Quote exactly, and only, the lines of the material below from the line with "#61=DIRECTION('',(-1.,0.,0.));" through the line with "#68=ORIENTED_EDGE('',*,*,#67,.T.);".

* * * * * * *

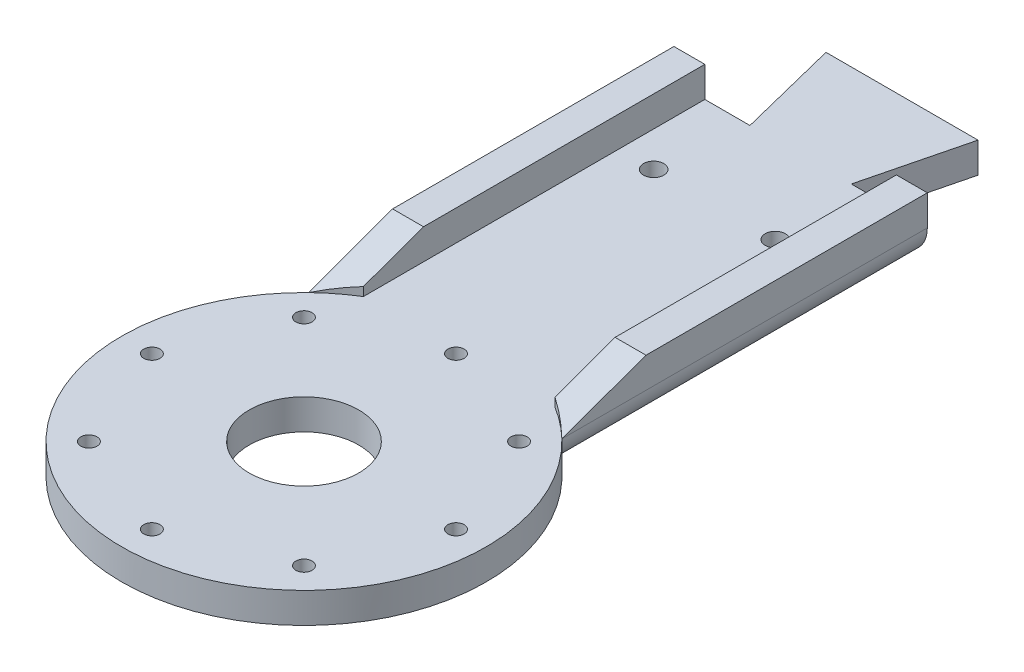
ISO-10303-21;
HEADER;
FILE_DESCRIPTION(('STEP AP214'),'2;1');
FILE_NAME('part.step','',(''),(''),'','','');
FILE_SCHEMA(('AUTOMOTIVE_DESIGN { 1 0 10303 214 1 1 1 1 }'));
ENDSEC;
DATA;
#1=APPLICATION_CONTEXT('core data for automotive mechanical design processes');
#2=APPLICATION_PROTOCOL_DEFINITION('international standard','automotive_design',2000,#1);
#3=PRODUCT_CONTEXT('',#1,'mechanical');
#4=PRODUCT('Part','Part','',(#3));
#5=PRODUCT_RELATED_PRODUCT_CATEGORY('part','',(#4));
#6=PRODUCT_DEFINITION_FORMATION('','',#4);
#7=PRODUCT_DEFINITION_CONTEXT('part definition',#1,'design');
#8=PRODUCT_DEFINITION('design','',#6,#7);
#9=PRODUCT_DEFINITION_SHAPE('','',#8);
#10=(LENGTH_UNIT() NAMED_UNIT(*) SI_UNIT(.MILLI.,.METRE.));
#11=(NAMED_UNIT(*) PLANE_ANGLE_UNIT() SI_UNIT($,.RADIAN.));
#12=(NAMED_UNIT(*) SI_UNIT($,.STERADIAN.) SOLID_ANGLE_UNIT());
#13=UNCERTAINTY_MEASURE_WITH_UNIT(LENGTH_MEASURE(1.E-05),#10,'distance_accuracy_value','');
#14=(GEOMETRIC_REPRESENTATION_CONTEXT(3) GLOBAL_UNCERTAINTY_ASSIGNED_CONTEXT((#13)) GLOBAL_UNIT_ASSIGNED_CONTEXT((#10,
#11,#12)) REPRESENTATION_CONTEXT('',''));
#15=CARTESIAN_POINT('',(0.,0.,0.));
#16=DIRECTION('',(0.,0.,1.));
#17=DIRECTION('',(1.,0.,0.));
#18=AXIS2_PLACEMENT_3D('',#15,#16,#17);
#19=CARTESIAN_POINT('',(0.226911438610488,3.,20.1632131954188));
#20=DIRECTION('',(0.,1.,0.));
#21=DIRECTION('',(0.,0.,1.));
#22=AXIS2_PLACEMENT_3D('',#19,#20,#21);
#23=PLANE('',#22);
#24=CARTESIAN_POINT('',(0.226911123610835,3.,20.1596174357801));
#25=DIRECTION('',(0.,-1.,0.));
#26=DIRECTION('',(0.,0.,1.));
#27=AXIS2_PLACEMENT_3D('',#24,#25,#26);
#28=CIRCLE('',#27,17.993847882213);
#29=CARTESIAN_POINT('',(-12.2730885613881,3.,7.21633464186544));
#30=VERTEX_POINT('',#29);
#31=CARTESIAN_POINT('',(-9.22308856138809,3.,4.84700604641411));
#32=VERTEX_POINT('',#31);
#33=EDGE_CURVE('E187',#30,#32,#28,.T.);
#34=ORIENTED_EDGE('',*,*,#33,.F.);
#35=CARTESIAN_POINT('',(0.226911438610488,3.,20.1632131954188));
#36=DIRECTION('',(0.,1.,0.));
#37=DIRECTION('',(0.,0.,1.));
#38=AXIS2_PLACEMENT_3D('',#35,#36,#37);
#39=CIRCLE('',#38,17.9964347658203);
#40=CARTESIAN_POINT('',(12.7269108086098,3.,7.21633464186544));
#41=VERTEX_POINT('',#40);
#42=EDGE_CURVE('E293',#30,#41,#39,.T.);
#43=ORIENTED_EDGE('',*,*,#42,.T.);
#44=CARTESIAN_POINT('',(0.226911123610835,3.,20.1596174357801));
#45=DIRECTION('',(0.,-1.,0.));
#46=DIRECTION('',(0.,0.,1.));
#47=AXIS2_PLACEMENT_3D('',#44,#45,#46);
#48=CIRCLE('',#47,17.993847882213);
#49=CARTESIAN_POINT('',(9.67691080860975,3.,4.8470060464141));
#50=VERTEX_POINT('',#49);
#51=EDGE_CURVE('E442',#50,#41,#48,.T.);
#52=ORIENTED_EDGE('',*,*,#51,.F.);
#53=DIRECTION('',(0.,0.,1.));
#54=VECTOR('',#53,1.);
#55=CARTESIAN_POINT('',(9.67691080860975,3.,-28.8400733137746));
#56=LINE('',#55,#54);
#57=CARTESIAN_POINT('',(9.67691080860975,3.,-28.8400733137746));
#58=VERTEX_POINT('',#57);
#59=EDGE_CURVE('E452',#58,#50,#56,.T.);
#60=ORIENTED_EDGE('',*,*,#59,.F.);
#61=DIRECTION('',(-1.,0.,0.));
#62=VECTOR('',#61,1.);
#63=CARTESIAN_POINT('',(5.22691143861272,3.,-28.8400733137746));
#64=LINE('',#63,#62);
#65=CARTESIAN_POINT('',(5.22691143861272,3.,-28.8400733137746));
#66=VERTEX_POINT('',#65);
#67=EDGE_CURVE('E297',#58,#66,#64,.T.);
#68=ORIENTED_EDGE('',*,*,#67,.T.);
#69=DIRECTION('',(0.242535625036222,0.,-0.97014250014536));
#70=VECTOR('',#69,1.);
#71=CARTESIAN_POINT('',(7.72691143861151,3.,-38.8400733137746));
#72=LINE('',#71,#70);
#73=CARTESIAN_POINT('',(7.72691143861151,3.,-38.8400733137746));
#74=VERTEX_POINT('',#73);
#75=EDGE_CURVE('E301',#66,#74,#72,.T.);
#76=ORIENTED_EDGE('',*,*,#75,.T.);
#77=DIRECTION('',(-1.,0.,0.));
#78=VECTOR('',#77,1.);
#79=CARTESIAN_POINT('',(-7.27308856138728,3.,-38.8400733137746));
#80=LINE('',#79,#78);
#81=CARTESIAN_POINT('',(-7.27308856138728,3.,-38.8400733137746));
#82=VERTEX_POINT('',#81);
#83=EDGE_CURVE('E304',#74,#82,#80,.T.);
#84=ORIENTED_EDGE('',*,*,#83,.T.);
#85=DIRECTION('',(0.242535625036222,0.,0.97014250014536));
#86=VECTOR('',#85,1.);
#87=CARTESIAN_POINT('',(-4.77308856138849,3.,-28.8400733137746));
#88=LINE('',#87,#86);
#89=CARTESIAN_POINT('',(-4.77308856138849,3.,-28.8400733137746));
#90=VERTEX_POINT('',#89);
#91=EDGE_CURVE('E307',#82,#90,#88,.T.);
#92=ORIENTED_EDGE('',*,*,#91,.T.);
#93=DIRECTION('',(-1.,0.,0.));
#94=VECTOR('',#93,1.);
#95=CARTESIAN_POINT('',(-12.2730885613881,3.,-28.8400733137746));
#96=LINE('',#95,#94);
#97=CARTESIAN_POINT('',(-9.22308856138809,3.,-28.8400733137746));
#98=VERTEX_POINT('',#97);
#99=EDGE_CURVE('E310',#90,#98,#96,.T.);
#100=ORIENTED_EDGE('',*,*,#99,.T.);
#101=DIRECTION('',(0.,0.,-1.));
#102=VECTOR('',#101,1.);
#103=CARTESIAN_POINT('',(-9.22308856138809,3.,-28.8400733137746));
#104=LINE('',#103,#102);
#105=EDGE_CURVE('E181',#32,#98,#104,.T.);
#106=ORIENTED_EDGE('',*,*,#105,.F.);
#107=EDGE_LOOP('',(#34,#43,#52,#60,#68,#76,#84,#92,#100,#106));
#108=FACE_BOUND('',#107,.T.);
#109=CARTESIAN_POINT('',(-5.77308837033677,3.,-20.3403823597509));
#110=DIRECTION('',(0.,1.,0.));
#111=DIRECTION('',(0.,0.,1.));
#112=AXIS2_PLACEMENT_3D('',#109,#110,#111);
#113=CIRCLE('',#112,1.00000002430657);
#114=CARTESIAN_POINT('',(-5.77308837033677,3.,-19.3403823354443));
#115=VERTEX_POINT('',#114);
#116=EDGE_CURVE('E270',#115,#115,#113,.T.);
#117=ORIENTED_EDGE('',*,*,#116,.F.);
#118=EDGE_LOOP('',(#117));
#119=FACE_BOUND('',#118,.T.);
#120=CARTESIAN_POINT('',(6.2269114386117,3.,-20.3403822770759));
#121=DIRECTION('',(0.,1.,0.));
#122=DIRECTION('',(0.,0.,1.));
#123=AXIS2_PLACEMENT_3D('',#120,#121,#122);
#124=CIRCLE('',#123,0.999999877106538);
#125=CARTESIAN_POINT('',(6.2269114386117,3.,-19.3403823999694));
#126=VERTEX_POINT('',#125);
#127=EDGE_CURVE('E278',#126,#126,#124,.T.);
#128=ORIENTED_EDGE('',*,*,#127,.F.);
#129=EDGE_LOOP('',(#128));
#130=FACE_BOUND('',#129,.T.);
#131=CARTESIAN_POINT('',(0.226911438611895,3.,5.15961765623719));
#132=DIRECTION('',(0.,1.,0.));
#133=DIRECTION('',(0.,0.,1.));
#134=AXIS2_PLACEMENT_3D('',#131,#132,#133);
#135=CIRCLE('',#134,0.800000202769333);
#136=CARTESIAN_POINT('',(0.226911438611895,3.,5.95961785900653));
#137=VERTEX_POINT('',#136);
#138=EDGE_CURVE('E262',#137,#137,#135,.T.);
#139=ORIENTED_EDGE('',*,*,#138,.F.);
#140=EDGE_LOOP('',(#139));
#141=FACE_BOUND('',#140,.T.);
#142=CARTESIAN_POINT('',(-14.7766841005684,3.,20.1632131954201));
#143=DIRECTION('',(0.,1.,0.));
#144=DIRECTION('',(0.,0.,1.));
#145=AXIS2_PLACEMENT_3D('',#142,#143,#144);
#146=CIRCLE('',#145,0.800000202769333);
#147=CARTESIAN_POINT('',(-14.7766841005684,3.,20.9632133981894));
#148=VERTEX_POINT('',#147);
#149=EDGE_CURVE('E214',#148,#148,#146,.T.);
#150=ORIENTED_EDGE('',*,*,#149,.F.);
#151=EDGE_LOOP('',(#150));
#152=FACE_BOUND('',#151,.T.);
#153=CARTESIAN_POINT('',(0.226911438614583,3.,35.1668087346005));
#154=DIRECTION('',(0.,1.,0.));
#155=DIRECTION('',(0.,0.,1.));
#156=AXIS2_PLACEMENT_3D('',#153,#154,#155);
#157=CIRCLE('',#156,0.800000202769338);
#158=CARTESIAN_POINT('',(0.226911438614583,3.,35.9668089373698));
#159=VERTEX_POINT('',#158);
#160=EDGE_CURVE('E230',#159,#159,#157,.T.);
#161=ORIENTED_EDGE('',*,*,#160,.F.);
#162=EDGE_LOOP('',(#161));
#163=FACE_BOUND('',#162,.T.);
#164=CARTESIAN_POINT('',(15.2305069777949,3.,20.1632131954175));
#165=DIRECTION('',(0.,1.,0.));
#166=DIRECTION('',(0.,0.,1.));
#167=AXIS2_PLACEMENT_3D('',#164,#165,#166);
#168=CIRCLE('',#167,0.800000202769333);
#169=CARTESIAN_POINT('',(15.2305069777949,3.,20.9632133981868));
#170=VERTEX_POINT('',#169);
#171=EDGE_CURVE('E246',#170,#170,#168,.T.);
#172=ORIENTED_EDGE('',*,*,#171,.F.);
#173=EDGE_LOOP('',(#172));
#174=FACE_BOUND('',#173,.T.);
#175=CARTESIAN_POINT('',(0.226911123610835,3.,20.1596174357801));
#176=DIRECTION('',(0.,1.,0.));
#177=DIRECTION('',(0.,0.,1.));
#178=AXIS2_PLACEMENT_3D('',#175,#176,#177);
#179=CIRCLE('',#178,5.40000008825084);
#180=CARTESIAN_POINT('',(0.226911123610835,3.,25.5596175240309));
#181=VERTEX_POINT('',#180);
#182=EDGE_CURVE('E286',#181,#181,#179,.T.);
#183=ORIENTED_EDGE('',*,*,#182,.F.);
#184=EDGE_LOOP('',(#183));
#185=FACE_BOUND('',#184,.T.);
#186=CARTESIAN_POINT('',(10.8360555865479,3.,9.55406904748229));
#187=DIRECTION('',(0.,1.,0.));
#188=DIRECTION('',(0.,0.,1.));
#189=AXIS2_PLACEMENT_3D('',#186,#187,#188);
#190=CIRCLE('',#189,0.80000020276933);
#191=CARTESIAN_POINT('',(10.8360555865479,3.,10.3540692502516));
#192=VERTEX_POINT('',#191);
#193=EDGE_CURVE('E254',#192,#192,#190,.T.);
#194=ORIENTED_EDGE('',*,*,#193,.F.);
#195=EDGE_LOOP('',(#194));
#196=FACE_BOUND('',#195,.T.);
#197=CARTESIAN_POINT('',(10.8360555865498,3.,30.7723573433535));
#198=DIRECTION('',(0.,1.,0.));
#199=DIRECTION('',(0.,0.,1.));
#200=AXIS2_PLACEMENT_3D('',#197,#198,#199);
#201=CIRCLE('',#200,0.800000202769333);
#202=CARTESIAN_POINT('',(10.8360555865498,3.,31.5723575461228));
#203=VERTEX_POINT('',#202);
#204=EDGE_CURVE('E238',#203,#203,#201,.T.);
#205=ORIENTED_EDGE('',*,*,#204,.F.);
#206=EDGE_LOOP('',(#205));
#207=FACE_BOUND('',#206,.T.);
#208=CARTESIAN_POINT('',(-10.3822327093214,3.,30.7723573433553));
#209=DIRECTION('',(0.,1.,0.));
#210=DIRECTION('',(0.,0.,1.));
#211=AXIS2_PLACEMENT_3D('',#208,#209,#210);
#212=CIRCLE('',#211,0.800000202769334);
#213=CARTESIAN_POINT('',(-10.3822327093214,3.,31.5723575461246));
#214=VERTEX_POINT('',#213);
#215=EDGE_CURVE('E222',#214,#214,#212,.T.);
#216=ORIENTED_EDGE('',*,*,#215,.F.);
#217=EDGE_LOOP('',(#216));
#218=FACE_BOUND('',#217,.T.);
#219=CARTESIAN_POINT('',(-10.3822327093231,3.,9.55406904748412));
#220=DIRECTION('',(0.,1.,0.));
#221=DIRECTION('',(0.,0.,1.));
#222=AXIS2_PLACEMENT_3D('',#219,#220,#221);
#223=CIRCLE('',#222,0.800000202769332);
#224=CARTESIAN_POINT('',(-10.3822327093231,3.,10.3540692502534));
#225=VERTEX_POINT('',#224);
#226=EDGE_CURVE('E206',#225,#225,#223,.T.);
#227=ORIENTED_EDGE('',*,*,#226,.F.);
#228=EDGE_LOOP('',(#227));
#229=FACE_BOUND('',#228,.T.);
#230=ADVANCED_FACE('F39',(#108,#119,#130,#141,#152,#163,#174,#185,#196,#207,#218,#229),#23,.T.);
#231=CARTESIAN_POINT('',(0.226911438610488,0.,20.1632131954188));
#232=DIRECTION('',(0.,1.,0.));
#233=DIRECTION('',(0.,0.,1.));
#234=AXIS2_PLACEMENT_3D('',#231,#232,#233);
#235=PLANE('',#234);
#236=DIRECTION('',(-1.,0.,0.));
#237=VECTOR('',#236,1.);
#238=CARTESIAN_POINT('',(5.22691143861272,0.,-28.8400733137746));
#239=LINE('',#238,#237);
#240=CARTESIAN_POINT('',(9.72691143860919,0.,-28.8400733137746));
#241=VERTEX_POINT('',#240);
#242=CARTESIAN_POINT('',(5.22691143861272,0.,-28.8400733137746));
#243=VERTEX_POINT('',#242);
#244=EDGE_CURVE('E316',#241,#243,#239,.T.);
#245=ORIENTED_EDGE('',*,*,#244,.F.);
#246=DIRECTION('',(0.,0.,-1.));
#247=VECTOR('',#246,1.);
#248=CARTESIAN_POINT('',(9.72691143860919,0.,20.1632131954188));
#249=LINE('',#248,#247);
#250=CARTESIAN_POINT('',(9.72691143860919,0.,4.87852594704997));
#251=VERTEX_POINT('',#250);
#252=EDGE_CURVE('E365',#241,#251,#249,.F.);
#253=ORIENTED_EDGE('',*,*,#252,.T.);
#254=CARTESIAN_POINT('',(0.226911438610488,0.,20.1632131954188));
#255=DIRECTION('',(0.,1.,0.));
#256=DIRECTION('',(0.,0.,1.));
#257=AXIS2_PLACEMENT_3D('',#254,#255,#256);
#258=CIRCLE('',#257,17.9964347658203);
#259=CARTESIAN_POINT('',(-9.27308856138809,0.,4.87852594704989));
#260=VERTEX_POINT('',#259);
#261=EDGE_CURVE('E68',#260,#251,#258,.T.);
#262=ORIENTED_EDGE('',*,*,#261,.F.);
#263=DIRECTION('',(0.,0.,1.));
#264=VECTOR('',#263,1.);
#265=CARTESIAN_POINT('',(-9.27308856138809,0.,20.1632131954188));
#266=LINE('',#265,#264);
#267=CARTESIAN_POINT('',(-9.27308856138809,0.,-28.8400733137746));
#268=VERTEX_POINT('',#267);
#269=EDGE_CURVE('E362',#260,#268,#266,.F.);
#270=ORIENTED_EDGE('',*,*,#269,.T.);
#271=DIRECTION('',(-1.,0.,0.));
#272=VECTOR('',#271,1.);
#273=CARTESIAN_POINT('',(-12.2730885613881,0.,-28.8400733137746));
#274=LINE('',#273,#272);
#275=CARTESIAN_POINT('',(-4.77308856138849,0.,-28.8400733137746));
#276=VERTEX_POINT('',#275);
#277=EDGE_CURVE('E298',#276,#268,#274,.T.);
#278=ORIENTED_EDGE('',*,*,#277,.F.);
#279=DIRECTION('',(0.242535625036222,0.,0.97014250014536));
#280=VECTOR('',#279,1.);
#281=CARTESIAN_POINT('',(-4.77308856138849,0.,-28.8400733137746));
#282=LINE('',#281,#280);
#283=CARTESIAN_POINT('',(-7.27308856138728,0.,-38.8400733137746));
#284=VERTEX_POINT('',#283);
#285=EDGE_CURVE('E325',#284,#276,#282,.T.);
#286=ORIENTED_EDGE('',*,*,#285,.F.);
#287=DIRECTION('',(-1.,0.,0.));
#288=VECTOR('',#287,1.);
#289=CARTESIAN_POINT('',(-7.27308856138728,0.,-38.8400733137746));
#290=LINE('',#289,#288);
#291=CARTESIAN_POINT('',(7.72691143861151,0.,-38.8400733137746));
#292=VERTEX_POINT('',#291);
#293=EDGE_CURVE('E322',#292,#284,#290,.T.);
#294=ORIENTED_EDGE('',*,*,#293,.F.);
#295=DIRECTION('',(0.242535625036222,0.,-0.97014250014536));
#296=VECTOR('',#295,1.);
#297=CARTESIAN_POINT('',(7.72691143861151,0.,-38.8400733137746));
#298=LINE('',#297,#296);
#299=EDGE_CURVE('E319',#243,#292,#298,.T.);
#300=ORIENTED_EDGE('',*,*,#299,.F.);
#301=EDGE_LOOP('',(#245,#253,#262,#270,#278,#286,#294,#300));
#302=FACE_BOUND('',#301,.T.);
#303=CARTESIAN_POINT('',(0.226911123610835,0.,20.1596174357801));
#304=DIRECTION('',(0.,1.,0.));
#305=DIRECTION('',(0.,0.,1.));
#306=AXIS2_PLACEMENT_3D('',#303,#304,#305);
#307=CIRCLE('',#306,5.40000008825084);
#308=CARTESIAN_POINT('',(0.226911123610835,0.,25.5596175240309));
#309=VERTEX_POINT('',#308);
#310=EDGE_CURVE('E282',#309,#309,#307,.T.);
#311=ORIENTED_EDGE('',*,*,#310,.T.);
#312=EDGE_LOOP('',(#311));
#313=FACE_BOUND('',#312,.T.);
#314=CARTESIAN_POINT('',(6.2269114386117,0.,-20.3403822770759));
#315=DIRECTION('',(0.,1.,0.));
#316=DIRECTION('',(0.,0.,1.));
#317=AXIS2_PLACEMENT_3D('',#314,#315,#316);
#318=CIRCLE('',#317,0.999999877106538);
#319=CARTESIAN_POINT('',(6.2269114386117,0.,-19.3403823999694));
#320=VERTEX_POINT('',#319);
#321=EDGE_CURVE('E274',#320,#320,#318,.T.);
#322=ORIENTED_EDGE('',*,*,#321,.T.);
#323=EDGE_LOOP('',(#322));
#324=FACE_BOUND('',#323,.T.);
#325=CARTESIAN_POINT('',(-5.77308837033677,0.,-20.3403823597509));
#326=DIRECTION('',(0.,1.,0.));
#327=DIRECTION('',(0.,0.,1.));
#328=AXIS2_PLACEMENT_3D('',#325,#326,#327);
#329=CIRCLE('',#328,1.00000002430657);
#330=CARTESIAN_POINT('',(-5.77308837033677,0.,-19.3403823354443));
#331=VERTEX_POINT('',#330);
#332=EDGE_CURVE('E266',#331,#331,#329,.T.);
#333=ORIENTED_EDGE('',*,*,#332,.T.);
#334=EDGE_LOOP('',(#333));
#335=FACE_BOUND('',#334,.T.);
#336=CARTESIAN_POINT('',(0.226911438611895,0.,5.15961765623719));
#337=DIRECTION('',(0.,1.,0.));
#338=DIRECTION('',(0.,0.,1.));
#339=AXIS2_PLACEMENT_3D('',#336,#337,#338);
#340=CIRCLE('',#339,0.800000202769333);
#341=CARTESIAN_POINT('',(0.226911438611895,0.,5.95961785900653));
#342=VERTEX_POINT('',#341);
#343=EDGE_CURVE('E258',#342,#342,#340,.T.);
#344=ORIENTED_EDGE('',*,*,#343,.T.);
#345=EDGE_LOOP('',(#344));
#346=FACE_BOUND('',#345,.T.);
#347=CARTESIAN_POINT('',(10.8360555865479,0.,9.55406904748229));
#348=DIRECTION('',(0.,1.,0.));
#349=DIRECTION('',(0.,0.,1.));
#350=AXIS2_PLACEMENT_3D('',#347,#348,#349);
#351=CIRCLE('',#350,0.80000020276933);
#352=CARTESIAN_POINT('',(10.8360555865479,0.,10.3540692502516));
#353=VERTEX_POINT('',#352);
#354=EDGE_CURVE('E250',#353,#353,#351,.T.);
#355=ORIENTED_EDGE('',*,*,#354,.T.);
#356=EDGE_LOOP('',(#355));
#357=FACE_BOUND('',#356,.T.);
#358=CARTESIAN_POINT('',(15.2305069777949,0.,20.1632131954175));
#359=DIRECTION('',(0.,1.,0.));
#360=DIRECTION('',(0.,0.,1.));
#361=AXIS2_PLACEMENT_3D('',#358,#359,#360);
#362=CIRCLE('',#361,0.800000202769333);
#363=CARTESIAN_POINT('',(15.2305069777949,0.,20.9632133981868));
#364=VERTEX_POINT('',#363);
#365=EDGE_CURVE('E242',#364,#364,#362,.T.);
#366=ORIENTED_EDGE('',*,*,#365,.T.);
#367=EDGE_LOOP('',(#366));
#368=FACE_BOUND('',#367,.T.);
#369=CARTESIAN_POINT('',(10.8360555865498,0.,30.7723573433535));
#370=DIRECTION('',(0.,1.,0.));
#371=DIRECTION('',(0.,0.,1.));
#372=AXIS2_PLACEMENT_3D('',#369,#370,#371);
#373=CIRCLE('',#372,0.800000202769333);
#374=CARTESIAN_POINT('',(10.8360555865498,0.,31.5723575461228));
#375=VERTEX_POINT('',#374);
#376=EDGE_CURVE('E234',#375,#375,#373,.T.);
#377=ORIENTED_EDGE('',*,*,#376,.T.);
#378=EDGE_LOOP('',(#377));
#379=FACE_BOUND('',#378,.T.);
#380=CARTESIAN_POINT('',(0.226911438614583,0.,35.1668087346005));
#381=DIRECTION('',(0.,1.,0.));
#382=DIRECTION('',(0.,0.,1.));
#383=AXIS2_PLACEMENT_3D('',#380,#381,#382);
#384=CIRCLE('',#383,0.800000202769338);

* * * * * * *

- [RESULT OF THIS TASK]
#61=DIRECTION('',(-1.,0.,0.));
#62=VECTOR('',#61,1.);
#63=CARTESIAN_POINT('',(5.22691143861272,3.,-28.8400733137746));
#64=LINE('',#63,#62);
#65=CARTESIAN_POINT('',(5.22691143861272,3.,-28.8400733137746));
#66=VERTEX_POINT('',#65);
#67=EDGE_CURVE('E297',#58,#66,#64,.T.);
#68=ORIENTED_EDGE('',*,*,#67,.T.);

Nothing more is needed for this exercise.